For the broader empirical context — mode-by-mode wavelet comparisons, regular- and irregular-grid results, and package-against-package benchmarks — see `vignette("v07-benchmarks")` and the practical guidance in `vignette("v01-introduction")` §3. For the threshold subsystem covered briefly in §4 here, see `vignette("v02-thresholding-and-tuning")`. The operational reference for the adaptive threshold (formulas for $\hat{\sigma}$, $\lambda_k$, the four shrinkages, and the engine's update protocol) is `inst/notes/02-adaptive-thresholding.md`.

## References

Donoho, D. L., & Johnstone, I. M. (1994). Ideal spatial adaptation by wavelet shrinkage. *Biometrika*, **81**(3), 425–455.
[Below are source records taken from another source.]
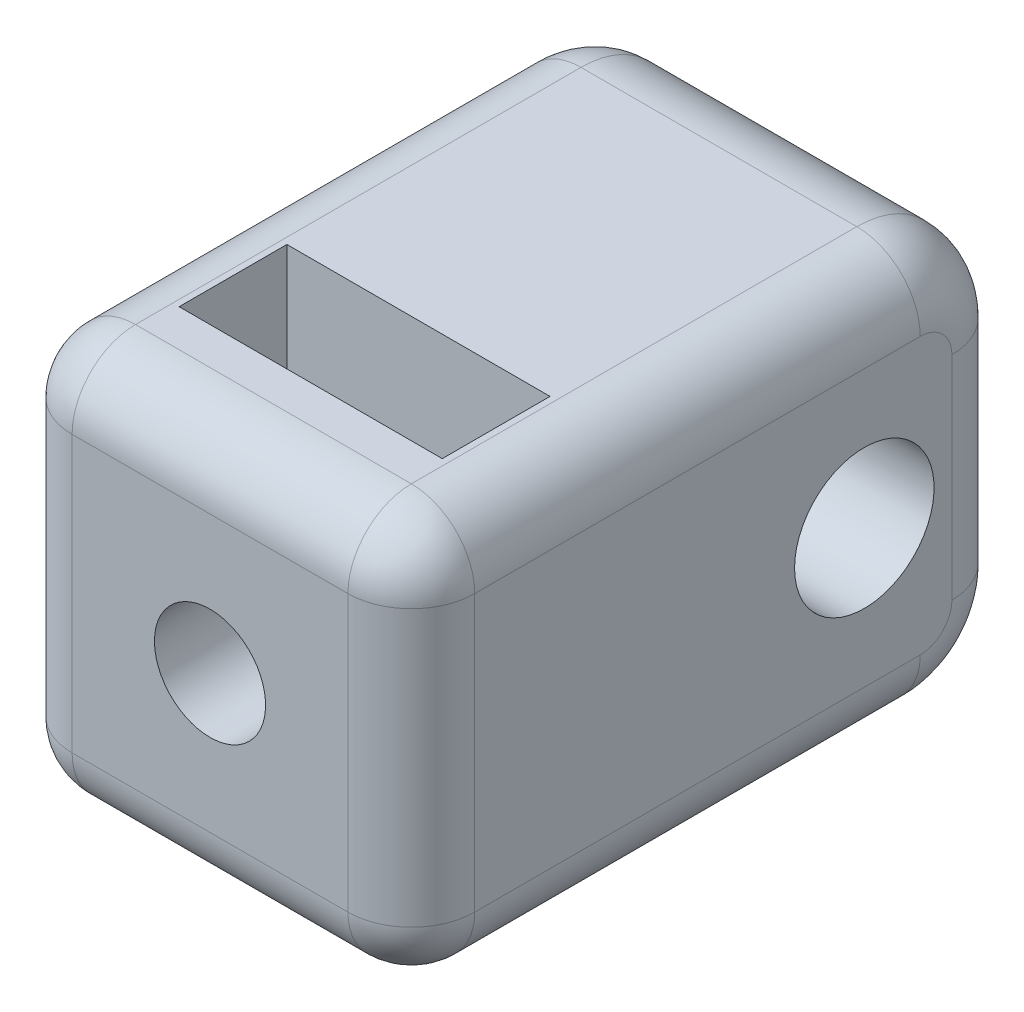
ISO-10303-21;
HEADER;
FILE_DESCRIPTION(('STEP AP214'),'2;1');
FILE_NAME('part.step','',(''),(''),'','','');
FILE_SCHEMA(('AUTOMOTIVE_DESIGN { 1 0 10303 214 1 1 1 1 }'));
ENDSEC;
DATA;
#1=APPLICATION_CONTEXT('core data for automotive mechanical design processes');
#2=APPLICATION_PROTOCOL_DEFINITION('international standard','automotive_design',2000,#1);
#3=PRODUCT_CONTEXT('',#1,'mechanical');
#4=PRODUCT('Part','Part','',(#3));
#5=PRODUCT_RELATED_PRODUCT_CATEGORY('part','',(#4));
#6=PRODUCT_DEFINITION_FORMATION('','',#4);
#7=PRODUCT_DEFINITION_CONTEXT('part definition',#1,'design');
#8=PRODUCT_DEFINITION('design','',#6,#7);
#9=PRODUCT_DEFINITION_SHAPE('','',#8);
#10=(LENGTH_UNIT() NAMED_UNIT(*) SI_UNIT(.MILLI.,.METRE.));
#11=(NAMED_UNIT(*) PLANE_ANGLE_UNIT() SI_UNIT($,.RADIAN.));
#12=(NAMED_UNIT(*) SI_UNIT($,.STERADIAN.) SOLID_ANGLE_UNIT());
#13=UNCERTAINTY_MEASURE_WITH_UNIT(LENGTH_MEASURE(1.E-05),#10,'distance_accuracy_value','');
#14=(GEOMETRIC_REPRESENTATION_CONTEXT(3) GLOBAL_UNCERTAINTY_ASSIGNED_CONTEXT((#13)) GLOBAL_UNIT_ASSIGNED_CONTEXT((#10,
#11,#12)) REPRESENTATION_CONTEXT('',''));
#15=CARTESIAN_POINT('',(0.,0.,0.));
#16=DIRECTION('',(0.,0.,1.));
#17=DIRECTION('',(1.,0.,0.));
#18=AXIS2_PLACEMENT_3D('',#15,#16,#17);
#19=CARTESIAN_POINT('',(0.,12.7,0.));
#20=DIRECTION('',(0.,-1.,0.));
#21=DIRECTION('',(0.,0.,-1.));
#22=AXIS2_PLACEMENT_3D('',#19,#20,#21);
#23=PLANE('',#22);
#24=DIRECTION('',(-1.,0.,0.));
#25=VECTOR('',#24,1.);
#26=CARTESIAN_POINT('',(0.,12.7,3.));
#27=LINE('',#26,#25);
#28=CARTESIAN_POINT('',(-40.1,12.7,3.));
#29=VERTEX_POINT('',#28);
#30=CARTESIAN_POINT('',(-48.8,12.7,3.));
#31=VERTEX_POINT('',#30);
#32=EDGE_CURVE('E257',#29,#31,#27,.T.);
#33=ORIENTED_EDGE('',*,*,#32,.T.);
#34=DIRECTION('',(0.,0.,1.));
#35=VECTOR('',#34,1.);
#36=CARTESIAN_POINT('',(-48.8,12.7,0.));
#37=LINE('',#36,#35);
#38=CARTESIAN_POINT('',(-48.8,12.7,17.05));
#39=VERTEX_POINT('',#38);
#40=EDGE_CURVE('E11',#31,#39,#37,.T.);
#41=ORIENTED_EDGE('',*,*,#40,.T.);
#42=DIRECTION('',(1.,0.,0.));
#43=VECTOR('',#42,1.);
#44=CARTESIAN_POINT('',(0.,12.7,17.05));
#45=LINE('',#44,#43);
#46=CARTESIAN_POINT('',(-40.1,12.7,17.05));
#47=VERTEX_POINT('',#46);
#48=EDGE_CURVE('E273',#39,#47,#45,.T.);
#49=ORIENTED_EDGE('',*,*,#48,.T.);
#50=DIRECTION('',(0.,0.,1.));
#51=VECTOR('',#50,1.);
#52=CARTESIAN_POINT('',(-40.1,12.7,0.));
#53=LINE('',#52,#51);
#54=EDGE_CURVE('E51',#47,#29,#53,.F.);
#55=ORIENTED_EDGE('',*,*,#54,.T.);
#56=EDGE_LOOP('',(#33,#41,#49,#55));
#57=FACE_BOUND('',#56,.T.);
#58=DIRECTION('',(1.,0.,0.));
#59=VECTOR('',#58,1.);
#60=CARTESIAN_POINT('',(0.,12.7,12.475));
#61=LINE('',#60,#59);
#62=CARTESIAN_POINT('',(-48.6,12.7,12.475));
#63=VERTEX_POINT('',#62);
#64=CARTESIAN_POINT('',(-40.3,12.7,12.475));
#65=VERTEX_POINT('',#64);
#66=EDGE_CURVE('E187',#63,#65,#61,.T.);
#67=ORIENTED_EDGE('',*,*,#66,.T.);
#68=DIRECTION('',(0.,0.,1.));
#69=VECTOR('',#68,1.);
#70=CARTESIAN_POINT('',(-40.3,12.7,12.475));
#71=LINE('',#70,#69);
#72=CARTESIAN_POINT('',(-40.3,12.7,15.875));
#73=VERTEX_POINT('',#72);
#74=EDGE_CURVE('E233',#65,#73,#71,.T.);
#75=ORIENTED_EDGE('',*,*,#74,.T.);
#76=DIRECTION('',(1.,0.,0.));
#77=VECTOR('',#76,1.);
#78=CARTESIAN_POINT('',(0.,12.7,15.875));
#79=LINE('',#78,#77);
#80=CARTESIAN_POINT('',(-48.6,12.7,15.875));
#81=VERTEX_POINT('',#80);
#82=EDGE_CURVE('E197',#81,#73,#79,.T.);
#83=ORIENTED_EDGE('',*,*,#82,.F.);
#84=DIRECTION('',(0.,0.,1.));
#85=VECTOR('',#84,1.);
#86=CARTESIAN_POINT('',(-48.6,12.7,12.475));
#87=LINE('',#86,#85);
#88=EDGE_CURVE('E229',#63,#81,#87,.T.);
#89=ORIENTED_EDGE('',*,*,#88,.F.);
#90=EDGE_LOOP('',(#67,#75,#83,#89));
#91=FACE_BOUND('',#90,.T.);
#92=ADVANCED_FACE('F41',(#57,#91),#23,.F.);
#93=CARTESIAN_POINT('',(0.,12.7,0.));
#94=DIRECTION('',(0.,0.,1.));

Liu, Z., Mi, Y., & Mao, Y. (2014). Improved real-time denoising method based on lifting wavelet transform. *Measurement Science Review*, **14**(3), 152–159. DOI: 10.2478/msr-2014-0020.

Sweldens, W. (1996). The lifting scheme: A custom-design construction of biorthogonal wavelets. *Applied and Computational Harmonic Analysis*, **3**(2), 186–200.